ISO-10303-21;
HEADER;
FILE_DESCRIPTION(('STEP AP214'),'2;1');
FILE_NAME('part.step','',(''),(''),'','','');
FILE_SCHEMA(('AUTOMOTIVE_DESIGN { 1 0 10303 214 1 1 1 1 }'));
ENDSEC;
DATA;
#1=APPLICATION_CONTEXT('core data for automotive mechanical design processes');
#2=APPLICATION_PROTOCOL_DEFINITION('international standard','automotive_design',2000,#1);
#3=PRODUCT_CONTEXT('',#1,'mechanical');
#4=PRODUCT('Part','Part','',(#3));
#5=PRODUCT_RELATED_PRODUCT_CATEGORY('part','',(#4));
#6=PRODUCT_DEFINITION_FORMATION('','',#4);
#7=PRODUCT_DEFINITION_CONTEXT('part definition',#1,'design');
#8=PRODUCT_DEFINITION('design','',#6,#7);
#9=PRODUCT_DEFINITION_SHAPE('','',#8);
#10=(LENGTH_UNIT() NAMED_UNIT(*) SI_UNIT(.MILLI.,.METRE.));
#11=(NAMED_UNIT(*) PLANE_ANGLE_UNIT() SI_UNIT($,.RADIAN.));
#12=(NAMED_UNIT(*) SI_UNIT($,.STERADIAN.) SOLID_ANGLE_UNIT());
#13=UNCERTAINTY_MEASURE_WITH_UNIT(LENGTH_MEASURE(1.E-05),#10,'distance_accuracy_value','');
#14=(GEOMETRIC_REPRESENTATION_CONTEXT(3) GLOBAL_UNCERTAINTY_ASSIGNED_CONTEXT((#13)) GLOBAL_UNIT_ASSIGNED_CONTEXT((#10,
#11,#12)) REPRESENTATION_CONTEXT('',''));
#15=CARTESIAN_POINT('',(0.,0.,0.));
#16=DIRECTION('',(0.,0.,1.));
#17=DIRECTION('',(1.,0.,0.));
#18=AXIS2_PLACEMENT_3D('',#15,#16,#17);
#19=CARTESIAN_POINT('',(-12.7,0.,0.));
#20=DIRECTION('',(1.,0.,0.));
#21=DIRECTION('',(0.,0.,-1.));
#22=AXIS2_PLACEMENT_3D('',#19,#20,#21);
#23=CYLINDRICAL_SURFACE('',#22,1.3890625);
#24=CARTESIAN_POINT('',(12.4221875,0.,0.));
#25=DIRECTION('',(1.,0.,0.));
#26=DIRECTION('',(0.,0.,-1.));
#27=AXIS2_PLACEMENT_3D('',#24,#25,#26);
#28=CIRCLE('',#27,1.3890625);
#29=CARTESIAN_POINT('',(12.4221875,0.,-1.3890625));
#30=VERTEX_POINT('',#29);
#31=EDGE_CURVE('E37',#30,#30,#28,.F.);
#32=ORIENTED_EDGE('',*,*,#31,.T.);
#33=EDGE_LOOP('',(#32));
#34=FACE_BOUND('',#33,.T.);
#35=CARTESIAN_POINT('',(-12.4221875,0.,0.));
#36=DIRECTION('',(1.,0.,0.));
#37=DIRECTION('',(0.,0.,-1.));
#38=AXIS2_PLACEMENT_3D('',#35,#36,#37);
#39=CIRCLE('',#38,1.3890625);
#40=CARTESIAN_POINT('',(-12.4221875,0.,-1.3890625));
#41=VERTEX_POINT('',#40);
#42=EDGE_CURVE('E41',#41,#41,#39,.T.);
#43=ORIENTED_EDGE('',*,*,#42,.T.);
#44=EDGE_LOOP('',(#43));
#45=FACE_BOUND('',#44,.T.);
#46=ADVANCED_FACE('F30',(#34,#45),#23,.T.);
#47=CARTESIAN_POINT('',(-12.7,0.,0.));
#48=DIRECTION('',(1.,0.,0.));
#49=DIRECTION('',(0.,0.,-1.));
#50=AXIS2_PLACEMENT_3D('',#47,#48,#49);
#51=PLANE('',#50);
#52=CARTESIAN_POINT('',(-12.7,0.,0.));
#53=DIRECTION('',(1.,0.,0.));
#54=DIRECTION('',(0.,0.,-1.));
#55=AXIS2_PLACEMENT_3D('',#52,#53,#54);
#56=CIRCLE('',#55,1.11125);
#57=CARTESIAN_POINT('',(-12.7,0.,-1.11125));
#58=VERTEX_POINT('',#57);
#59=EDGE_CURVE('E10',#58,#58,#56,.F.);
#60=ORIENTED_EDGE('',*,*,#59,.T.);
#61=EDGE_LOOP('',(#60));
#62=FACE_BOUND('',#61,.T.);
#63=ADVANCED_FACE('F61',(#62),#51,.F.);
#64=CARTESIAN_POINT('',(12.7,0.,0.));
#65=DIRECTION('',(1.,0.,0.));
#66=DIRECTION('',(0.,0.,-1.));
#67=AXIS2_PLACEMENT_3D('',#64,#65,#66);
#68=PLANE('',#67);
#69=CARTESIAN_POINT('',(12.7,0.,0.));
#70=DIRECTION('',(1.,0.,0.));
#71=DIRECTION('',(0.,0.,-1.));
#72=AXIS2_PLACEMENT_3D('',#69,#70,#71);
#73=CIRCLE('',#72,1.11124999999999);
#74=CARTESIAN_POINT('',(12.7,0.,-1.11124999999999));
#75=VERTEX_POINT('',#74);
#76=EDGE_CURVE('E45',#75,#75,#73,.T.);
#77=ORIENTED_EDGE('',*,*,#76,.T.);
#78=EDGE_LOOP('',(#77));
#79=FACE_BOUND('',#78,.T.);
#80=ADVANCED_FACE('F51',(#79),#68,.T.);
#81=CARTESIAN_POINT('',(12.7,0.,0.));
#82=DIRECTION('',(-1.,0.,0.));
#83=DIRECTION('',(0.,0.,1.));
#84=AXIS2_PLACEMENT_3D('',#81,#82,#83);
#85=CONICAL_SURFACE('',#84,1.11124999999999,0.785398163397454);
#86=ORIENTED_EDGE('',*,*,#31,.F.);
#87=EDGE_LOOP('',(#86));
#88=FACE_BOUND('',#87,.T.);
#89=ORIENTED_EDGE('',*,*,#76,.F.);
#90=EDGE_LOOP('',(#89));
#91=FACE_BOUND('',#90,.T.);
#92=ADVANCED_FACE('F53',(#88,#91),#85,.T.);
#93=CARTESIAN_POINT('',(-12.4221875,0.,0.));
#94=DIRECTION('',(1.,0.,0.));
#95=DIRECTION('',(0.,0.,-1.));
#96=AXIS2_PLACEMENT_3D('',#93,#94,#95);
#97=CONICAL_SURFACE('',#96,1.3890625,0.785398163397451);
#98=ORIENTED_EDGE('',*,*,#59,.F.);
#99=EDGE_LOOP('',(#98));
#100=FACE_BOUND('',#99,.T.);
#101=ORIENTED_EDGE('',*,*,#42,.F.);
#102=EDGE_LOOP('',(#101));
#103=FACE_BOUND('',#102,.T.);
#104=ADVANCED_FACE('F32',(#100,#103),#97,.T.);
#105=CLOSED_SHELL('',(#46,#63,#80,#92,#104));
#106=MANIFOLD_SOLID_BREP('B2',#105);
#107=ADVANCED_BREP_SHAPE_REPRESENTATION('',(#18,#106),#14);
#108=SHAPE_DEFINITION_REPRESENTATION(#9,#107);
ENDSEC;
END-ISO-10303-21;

__What the task asks__: Go to the line in the material above that contains "#85=CONICAL_SURFACE('',#84,1.11124999999999,0.785398163397454);" and copy exactly from there through the line that contains "#94=DIRECTION('',(1.,0.,0.));", stopping after it.

__Written solution__:
#85=CONICAL_SURFACE('',#84,1.11124999999999,0.785398163397454);
#86=ORIENTED_EDGE('',*,*,#31,.F.);
#87=EDGE_LOOP('',(#86));
#88=FACE_BOUND('',#87,.T.);
#89=ORIENTED_EDGE('',*,*,#76,.F.);
#90=EDGE_LOOP('',(#89));
#91=FACE_BOUND('',#90,.T.);
#92=ADVANCED_FACE('F53',(#88,#91),#85,.T.);
#93=CARTESIAN_POINT('',(-12.4221875,0.,0.));
#94=DIRECTION('',(1.,0.,0.));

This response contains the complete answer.